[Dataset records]
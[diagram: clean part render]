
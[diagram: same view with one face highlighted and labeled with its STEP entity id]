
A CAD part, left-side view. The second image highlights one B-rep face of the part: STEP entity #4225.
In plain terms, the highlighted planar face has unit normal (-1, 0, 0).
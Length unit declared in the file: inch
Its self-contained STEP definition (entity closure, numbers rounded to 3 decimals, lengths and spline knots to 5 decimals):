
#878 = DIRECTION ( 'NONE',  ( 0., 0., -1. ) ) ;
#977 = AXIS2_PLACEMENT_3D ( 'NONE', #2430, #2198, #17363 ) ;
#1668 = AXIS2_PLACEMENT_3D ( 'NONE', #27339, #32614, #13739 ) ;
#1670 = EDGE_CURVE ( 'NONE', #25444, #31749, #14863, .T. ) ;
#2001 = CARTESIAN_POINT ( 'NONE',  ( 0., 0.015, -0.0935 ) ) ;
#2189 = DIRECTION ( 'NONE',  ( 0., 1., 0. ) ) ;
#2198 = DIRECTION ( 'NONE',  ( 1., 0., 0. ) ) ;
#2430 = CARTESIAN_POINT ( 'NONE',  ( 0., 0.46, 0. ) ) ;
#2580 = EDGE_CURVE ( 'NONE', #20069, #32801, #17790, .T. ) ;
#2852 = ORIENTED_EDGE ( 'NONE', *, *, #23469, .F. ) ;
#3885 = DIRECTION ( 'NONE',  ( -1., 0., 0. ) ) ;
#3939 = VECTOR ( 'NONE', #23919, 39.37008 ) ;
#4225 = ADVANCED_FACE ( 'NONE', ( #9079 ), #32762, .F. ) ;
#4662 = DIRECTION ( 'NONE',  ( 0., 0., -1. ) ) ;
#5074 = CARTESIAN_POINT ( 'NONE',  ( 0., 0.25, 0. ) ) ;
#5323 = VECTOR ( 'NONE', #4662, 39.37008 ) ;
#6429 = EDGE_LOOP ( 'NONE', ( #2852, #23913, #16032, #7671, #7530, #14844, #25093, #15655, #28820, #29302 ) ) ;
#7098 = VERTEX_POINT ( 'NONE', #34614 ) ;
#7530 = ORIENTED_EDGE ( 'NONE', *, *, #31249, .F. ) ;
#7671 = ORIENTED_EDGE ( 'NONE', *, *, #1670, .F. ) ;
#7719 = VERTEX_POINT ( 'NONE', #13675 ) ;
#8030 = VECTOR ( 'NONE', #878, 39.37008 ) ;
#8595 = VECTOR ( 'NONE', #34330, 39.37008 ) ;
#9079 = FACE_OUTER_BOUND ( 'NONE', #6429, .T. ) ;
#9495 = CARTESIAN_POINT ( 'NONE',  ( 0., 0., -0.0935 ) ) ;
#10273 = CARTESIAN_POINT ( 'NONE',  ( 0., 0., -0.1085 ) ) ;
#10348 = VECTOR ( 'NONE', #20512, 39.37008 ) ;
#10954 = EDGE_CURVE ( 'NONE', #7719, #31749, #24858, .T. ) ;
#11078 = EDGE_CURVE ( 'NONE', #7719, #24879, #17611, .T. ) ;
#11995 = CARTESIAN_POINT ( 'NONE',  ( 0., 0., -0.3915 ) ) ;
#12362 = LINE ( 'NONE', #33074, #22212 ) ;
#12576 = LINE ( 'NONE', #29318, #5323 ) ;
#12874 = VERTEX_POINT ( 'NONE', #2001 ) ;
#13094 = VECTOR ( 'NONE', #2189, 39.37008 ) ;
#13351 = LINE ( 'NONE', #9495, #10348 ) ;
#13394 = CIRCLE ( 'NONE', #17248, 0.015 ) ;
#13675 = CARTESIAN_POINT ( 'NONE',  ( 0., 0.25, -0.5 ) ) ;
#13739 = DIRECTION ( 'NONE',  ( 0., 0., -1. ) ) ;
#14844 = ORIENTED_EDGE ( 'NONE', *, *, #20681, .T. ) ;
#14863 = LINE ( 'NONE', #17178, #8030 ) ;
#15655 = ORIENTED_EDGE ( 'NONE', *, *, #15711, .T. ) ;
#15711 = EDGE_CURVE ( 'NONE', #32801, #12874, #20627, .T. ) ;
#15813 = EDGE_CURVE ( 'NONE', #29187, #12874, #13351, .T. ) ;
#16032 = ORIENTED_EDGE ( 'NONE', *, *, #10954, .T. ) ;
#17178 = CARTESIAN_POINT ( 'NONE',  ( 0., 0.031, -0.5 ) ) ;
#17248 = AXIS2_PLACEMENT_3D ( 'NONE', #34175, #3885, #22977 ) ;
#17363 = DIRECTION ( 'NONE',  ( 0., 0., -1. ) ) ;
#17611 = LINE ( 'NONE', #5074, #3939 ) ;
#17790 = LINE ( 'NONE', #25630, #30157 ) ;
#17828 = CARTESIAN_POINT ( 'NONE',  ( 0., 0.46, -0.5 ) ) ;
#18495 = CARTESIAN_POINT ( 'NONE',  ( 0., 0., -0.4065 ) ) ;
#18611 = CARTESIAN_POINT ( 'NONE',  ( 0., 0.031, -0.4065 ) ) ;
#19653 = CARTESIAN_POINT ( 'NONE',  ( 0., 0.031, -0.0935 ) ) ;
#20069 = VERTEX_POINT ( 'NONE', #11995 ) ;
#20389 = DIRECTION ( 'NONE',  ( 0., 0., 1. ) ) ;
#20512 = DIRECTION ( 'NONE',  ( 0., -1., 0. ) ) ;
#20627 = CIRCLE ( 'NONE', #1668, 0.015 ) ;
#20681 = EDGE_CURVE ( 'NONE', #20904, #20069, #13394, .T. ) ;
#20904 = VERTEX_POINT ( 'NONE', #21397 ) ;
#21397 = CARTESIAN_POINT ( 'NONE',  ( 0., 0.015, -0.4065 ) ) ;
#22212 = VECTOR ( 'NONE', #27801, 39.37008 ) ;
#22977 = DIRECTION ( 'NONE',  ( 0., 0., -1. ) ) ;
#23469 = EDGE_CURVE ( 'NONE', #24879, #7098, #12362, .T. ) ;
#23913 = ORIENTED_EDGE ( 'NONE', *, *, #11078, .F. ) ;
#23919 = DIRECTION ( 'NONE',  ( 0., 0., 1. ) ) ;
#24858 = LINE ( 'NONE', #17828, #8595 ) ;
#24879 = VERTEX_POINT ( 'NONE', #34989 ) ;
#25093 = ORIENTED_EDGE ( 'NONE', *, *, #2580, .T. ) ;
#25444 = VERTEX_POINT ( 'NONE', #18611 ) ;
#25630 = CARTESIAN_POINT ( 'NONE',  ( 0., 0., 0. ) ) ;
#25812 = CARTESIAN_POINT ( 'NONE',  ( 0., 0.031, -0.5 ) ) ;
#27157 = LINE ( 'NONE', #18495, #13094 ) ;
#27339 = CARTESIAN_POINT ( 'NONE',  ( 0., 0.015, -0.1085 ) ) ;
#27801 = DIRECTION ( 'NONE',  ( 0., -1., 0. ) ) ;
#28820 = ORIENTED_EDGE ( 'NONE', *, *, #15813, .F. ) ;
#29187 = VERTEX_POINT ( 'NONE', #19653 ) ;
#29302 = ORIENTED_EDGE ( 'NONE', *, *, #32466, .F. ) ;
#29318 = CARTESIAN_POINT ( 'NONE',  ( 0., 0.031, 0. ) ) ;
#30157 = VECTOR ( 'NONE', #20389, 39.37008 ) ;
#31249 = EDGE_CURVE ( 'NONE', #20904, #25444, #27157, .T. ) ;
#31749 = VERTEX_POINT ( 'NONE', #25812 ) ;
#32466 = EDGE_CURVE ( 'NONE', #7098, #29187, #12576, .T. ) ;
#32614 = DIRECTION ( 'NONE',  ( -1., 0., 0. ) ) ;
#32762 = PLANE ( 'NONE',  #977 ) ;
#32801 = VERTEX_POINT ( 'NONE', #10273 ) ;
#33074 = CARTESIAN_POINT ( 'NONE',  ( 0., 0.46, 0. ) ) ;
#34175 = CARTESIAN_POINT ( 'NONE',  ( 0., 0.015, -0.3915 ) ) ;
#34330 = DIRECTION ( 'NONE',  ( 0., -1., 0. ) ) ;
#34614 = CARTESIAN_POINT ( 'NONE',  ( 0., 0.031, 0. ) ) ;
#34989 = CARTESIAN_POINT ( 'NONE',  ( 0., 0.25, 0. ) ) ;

— THE PROBLEM —
Copy every line of the records above, starting with the first, up to and including the line containing "#3885 = DIRECTION".

— ANSWER SPACE —
[diagram: clean part render]
[diagram: same view with one face highlighted and labeled with its STEP entity id]
A CAD part, left-side view. The second image highlights one B-rep face of the part: STEP entity #4225.
In plain terms, the highlighted planar face has unit normal (-1, 0, 0).
Length unit declared in the file: inch
Its self-contained STEP definition (entity closure, numbers rounded to 3 decimals, lengths and spline knots to 5 decimals):
#878 = DIRECTION ( 'NONE',  ( 0., 0., -1. ) ) ;
#977 = AXIS2_PLACEMENT_3D ( 'NONE', #2430, #2198, #17363 ) ;
#1668 = AXIS2_PLACEMENT_3D ( 'NONE', #27339, #32614, #13739 ) ;
#1670 = EDGE_CURVE ( 'NONE', #25444, #31749, #14863, .T. ) ;
#2001 = CARTESIAN_POINT ( 'NONE',  ( 0., 0.015, -0.0935 ) ) ;
#2189 = DIRECTION ( 'NONE',  ( 0., 1., 0. ) ) ;
#2198 = DIRECTION ( 'NONE',  ( 1., 0., 0. ) ) ;
#2430 = CARTESIAN_POINT ( 'NONE',  ( 0., 0.46, 0. ) ) ;
#2580 = EDGE_CURVE ( 'NONE', #20069, #32801, #17790, .T. ) ;
#2852 = ORIENTED_EDGE ( 'NONE', *, *, #23469, .F. ) ;
#3885 = DIRECTION ( 'NONE',  ( -1., 0., 0. ) ) ;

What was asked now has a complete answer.